» **What the task asks**: Lines from the top of the listing down to the one with "#32=EDGE_CURVE('E113',#29,#31,#27,.T.);", inclusive, are to be copied exactly.
══ Data for this exercise ══
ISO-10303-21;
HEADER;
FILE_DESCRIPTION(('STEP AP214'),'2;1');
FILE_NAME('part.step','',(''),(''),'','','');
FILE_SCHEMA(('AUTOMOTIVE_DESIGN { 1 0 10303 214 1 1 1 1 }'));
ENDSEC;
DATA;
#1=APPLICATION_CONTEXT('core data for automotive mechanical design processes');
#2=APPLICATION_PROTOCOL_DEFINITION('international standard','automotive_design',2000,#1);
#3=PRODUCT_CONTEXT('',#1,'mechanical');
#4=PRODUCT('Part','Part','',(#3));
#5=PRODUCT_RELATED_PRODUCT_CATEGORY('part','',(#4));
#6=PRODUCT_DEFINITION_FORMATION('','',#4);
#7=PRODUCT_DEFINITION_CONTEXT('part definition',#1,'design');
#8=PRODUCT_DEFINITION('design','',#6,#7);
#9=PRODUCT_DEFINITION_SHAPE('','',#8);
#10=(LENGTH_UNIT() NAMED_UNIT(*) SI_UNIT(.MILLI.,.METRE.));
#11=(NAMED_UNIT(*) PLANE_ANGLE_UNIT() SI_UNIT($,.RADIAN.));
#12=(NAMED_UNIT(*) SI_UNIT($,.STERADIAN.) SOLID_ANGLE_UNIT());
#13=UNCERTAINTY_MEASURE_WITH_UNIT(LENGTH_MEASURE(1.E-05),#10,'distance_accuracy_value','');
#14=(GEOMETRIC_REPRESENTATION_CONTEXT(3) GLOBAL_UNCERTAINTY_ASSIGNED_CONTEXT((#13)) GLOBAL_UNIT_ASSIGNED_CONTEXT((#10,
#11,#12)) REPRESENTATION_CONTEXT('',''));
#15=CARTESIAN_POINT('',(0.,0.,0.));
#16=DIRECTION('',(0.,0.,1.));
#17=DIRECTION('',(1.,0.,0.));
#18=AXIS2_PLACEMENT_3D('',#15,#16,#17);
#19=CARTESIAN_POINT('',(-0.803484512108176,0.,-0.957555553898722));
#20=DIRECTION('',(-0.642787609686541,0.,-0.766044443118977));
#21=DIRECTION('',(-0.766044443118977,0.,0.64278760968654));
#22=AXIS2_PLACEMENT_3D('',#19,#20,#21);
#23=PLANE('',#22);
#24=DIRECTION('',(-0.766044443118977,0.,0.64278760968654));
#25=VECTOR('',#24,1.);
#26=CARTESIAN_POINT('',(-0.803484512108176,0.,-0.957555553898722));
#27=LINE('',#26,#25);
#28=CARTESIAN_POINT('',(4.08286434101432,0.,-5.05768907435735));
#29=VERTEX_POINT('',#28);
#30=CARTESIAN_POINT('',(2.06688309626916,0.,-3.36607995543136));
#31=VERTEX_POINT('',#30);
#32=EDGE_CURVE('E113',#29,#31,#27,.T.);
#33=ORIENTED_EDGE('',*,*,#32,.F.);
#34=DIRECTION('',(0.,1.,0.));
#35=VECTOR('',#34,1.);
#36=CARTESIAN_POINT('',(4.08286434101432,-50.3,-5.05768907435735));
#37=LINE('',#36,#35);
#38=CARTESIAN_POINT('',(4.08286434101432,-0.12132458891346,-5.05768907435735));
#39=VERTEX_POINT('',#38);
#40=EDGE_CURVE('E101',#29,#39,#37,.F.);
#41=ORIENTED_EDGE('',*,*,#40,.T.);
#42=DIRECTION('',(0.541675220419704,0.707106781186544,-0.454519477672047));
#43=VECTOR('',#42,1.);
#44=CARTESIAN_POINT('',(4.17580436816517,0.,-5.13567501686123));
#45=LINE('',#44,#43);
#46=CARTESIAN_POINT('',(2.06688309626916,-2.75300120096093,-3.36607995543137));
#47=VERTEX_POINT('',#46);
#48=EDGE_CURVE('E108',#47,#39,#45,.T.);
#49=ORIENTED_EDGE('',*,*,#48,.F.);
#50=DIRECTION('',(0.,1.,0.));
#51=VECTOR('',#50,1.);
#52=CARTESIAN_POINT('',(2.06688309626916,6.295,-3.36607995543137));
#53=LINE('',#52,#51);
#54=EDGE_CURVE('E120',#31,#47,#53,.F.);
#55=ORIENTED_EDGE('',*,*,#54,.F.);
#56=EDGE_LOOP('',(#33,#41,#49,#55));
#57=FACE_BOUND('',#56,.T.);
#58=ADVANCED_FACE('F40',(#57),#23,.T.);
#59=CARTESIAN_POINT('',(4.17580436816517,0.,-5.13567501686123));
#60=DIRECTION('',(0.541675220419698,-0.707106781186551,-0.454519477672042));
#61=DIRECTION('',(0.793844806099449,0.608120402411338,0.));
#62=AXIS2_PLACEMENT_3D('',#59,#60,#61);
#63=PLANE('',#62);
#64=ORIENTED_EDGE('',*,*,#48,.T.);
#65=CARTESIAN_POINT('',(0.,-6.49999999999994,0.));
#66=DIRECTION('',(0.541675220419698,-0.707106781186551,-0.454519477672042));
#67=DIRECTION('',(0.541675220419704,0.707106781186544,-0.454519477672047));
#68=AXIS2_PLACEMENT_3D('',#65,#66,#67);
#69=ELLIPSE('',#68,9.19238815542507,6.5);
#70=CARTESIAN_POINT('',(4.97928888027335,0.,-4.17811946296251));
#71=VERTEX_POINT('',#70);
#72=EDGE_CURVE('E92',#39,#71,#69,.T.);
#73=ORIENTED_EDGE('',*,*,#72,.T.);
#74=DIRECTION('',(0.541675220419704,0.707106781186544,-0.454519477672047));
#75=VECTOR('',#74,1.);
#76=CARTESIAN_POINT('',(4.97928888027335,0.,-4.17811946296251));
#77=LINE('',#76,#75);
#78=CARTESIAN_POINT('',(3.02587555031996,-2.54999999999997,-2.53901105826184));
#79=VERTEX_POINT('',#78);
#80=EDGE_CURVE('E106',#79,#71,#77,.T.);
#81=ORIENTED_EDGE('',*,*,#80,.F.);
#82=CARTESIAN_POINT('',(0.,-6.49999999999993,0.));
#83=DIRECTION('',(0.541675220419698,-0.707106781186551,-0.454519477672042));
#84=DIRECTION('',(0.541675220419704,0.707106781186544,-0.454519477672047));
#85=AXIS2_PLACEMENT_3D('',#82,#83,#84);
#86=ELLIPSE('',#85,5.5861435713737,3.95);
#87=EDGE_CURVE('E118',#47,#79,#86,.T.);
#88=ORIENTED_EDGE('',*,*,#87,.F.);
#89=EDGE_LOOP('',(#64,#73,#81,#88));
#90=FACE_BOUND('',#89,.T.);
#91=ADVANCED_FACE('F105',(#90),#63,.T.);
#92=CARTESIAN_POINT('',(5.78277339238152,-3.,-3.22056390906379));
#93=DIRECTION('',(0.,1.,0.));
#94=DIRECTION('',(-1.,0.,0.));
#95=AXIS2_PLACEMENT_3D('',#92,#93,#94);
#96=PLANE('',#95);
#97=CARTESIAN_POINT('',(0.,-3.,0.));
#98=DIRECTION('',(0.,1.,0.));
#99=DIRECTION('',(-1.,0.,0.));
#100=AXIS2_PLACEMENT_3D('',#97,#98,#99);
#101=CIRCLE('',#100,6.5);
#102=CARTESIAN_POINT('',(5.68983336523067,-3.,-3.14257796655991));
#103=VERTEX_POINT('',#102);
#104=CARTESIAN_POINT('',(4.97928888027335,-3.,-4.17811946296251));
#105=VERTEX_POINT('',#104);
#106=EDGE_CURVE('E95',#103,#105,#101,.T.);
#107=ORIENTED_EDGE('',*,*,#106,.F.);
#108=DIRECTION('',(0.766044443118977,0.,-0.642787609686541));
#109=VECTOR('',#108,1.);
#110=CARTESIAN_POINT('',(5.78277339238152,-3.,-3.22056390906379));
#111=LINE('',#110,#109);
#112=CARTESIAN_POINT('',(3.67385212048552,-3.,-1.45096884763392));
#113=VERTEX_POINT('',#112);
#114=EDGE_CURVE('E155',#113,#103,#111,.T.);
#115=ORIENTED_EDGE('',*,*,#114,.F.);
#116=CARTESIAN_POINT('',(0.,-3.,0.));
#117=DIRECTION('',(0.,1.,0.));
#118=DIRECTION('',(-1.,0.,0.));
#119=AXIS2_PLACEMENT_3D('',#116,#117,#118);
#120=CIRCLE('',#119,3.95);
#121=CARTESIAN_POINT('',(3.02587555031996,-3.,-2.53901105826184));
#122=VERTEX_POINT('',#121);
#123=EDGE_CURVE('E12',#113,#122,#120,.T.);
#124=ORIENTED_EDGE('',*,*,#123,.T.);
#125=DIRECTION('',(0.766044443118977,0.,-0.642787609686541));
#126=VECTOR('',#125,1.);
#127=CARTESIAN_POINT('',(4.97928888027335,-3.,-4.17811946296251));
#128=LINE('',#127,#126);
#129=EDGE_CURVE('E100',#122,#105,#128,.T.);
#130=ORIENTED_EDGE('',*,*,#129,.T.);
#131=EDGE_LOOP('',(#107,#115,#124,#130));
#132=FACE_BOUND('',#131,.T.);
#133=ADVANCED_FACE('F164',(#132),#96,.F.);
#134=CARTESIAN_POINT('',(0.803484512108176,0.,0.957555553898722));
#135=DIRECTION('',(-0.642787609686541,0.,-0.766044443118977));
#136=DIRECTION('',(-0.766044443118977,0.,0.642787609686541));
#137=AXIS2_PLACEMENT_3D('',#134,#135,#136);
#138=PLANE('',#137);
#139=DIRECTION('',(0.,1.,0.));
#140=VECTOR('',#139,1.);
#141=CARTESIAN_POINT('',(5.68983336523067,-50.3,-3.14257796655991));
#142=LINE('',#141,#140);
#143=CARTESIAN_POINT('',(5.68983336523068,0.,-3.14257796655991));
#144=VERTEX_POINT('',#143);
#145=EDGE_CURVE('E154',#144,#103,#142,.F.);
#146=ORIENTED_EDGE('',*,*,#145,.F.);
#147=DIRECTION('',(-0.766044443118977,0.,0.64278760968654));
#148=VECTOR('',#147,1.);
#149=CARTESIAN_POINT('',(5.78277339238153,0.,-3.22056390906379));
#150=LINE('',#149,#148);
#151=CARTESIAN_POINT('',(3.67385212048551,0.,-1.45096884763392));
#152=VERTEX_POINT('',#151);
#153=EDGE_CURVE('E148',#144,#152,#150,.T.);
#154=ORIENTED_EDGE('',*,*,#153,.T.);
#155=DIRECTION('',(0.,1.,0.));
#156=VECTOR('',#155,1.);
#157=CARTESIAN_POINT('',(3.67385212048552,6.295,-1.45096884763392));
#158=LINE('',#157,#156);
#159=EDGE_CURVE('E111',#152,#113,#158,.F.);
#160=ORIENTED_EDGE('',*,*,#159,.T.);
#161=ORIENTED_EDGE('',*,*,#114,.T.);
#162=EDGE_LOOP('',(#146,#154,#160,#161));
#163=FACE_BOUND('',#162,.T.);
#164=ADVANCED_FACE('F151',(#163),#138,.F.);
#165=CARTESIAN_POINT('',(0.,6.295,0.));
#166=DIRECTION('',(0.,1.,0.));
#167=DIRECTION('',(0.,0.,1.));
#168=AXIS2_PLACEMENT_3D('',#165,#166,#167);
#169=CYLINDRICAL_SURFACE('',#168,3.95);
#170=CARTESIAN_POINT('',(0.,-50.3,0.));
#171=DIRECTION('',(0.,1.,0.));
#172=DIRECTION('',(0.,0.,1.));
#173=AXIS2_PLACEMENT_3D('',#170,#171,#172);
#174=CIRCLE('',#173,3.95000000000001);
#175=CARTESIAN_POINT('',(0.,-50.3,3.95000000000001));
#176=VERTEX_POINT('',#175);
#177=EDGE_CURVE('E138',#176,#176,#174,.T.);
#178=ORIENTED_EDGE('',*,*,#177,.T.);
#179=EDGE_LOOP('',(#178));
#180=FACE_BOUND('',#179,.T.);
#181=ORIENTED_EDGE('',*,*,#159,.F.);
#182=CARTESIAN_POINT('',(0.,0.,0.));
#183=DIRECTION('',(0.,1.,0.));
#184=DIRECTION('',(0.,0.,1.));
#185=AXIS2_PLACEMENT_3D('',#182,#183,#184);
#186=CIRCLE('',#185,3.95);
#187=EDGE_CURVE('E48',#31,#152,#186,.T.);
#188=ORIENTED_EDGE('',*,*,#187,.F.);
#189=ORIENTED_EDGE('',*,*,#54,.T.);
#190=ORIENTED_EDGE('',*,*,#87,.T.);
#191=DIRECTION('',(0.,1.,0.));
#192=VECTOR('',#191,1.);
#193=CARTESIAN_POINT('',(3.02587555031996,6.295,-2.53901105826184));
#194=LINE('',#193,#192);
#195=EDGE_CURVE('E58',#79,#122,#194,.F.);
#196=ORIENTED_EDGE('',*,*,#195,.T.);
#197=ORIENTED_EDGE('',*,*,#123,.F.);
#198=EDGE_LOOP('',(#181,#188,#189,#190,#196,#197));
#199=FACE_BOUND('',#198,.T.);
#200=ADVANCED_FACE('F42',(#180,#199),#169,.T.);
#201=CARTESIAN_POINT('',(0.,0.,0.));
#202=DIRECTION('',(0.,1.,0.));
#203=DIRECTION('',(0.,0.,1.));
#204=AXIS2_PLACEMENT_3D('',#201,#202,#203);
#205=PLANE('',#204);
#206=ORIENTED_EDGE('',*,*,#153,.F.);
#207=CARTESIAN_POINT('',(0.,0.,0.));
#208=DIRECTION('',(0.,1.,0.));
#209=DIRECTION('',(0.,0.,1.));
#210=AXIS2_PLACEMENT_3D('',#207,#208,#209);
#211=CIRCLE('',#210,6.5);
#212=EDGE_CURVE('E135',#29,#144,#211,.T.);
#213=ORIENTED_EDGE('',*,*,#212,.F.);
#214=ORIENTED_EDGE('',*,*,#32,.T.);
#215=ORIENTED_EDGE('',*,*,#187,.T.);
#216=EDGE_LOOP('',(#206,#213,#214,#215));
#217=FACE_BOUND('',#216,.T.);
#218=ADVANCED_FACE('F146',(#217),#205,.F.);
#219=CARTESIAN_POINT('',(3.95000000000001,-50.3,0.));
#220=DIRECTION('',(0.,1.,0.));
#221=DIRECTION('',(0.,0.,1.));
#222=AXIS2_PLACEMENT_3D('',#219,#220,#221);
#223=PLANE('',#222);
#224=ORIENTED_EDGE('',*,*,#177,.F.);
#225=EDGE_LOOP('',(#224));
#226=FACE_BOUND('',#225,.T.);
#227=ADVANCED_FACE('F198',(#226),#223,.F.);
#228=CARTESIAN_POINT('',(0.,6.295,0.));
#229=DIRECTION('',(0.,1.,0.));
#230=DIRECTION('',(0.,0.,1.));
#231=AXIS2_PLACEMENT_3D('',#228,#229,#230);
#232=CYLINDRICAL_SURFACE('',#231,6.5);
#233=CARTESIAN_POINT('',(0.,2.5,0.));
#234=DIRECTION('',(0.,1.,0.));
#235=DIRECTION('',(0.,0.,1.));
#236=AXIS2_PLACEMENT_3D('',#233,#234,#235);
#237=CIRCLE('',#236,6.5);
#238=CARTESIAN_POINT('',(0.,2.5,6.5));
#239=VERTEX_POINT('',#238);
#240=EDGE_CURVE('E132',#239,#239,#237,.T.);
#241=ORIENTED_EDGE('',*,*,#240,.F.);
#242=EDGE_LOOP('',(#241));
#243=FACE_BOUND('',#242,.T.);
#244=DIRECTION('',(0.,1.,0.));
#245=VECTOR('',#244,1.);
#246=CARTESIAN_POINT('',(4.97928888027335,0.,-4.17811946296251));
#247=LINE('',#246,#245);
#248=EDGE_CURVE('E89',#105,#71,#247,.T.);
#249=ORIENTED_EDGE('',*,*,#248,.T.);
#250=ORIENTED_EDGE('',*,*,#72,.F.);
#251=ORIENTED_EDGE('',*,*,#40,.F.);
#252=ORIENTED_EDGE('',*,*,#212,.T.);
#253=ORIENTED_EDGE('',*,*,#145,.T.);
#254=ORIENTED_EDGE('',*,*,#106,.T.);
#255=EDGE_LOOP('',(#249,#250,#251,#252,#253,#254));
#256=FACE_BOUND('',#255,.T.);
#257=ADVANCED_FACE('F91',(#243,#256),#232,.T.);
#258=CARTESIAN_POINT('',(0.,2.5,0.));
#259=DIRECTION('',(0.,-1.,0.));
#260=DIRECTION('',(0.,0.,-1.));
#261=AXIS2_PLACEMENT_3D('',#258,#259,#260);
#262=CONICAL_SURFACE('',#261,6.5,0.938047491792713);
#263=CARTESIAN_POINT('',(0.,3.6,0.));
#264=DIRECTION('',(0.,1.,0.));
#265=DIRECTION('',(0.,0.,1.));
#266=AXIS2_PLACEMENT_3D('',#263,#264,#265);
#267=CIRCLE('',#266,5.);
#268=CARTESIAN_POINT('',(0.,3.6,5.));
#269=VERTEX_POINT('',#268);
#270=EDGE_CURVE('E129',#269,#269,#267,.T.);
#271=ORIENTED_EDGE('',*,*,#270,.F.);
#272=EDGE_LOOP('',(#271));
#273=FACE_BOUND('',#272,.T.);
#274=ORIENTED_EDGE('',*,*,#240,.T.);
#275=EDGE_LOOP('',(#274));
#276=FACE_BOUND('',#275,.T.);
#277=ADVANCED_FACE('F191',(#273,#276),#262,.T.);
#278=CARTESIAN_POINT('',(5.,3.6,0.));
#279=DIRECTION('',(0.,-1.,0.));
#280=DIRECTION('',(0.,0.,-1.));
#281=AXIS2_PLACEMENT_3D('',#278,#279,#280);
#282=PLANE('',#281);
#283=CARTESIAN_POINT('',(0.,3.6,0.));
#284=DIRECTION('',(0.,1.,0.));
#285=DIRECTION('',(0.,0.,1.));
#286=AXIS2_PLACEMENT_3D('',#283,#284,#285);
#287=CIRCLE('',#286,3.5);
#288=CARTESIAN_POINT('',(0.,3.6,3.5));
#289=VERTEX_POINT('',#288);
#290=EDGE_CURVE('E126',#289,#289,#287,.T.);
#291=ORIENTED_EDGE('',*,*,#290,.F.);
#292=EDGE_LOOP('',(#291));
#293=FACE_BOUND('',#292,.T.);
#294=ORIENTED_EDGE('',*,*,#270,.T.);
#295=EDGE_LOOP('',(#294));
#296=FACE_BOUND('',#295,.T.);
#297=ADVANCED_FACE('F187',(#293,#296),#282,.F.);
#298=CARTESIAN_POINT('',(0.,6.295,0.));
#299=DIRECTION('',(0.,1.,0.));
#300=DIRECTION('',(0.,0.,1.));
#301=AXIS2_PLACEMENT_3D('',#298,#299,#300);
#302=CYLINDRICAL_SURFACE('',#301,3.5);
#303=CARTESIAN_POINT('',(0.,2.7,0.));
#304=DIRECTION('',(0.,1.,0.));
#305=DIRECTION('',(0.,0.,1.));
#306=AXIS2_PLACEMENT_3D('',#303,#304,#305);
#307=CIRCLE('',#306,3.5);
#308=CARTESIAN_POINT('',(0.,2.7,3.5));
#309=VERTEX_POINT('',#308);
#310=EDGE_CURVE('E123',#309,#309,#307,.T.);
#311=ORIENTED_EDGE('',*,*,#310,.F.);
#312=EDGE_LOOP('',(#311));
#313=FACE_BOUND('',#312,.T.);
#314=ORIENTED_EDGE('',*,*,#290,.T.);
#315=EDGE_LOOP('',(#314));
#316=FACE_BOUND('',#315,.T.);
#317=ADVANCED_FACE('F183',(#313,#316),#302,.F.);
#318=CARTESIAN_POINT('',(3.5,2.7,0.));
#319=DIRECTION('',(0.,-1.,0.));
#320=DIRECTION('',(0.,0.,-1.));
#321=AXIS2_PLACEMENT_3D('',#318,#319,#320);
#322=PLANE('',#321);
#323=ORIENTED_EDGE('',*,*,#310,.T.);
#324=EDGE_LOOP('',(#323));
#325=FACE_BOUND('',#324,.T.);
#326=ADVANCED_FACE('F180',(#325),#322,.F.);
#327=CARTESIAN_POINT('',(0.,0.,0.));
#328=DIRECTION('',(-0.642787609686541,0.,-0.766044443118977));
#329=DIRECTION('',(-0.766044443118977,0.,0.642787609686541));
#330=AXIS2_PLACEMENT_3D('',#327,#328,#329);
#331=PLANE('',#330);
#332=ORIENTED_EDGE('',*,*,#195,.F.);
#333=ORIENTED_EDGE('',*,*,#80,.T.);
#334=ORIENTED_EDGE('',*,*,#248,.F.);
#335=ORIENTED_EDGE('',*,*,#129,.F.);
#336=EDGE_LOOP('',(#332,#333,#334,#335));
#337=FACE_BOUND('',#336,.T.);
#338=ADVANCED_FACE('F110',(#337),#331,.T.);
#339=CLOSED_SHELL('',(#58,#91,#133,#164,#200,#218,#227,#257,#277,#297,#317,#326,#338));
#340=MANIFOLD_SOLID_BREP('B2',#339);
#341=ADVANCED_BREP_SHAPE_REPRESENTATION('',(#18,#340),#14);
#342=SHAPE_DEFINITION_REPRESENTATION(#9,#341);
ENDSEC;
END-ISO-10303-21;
═══
» **Solution to this problem**:
ISO-10303-21;
HEADER;
FILE_DESCRIPTION(('STEP AP214'),'2;1');
FILE_NAME('part.step','',(''),(''),'','','');
FILE_SCHEMA(('AUTOMOTIVE_DESIGN { 1 0 10303 214 1 1 1 1 }'));
ENDSEC;
DATA;
#1=APPLICATION_CONTEXT('core data for automotive mechanical design processes');
#2=APPLICATION_PROTOCOL_DEFINITION('international standard','automotive_design',2000,#1);
#3=PRODUCT_CONTEXT('',#1,'mechanical');
#4=PRODUCT('Part','Part','',(#3));
#5=PRODUCT_RELATED_PRODUCT_CATEGORY('part','',(#4));
#6=PRODUCT_DEFINITION_FORMATION('','',#4);
#7=PRODUCT_DEFINITION_CONTEXT('part definition',#1,'design');
#8=PRODUCT_DEFINITION('design','',#6,#7);
#9=PRODUCT_DEFINITION_SHAPE('','',#8);
#10=(LENGTH_UNIT() NAMED_UNIT(*) SI_UNIT(.MILLI.,.METRE.));
#11=(NAMED_UNIT(*) PLANE_ANGLE_UNIT() SI_UNIT($,.RADIAN.));
#12=(NAMED_UNIT(*) SI_UNIT($,.STERADIAN.) SOLID_ANGLE_UNIT());
#13=UNCERTAINTY_MEASURE_WITH_UNIT(LENGTH_MEASURE(1.E-05),#10,'distance_accuracy_value','');
#14=(GEOMETRIC_REPRESENTATION_CONTEXT(3) GLOBAL_UNCERTAINTY_ASSIGNED_CONTEXT((#13)) GLOBAL_UNIT_ASSIGNED_CONTEXT((#10,
#11,#12)) REPRESENTATION_CONTEXT('',''));
#15=CARTESIAN_POINT('',(0.,0.,0.));
#16=DIRECTION('',(0.,0.,1.));
#17=DIRECTION('',(1.,0.,0.));
#18=AXIS2_PLACEMENT_3D('',#15,#16,#17);
#19=CARTESIAN_POINT('',(-0.803484512108176,0.,-0.957555553898722));
#20=DIRECTION('',(-0.642787609686541,0.,-0.766044443118977));
#21=DIRECTION('',(-0.766044443118977,0.,0.64278760968654));
#22=AXIS2_PLACEMENT_3D('',#19,#20,#21);
#23=PLANE('',#22);
#24=DIRECTION('',(-0.766044443118977,0.,0.64278760968654));
#25=VECTOR('',#24,1.);
#26=CARTESIAN_POINT('',(-0.803484512108176,0.,-0.957555553898722));
#27=LINE('',#26,#25);
#28=CARTESIAN_POINT('',(4.08286434101432,0.,-5.05768907435735));
#29=VERTEX_POINT('',#28);
#30=CARTESIAN_POINT('',(2.06688309626916,0.,-3.36607995543136));
#31=VERTEX_POINT('',#30);
#32=EDGE_CURVE('E113',#29,#31,#27,.T.);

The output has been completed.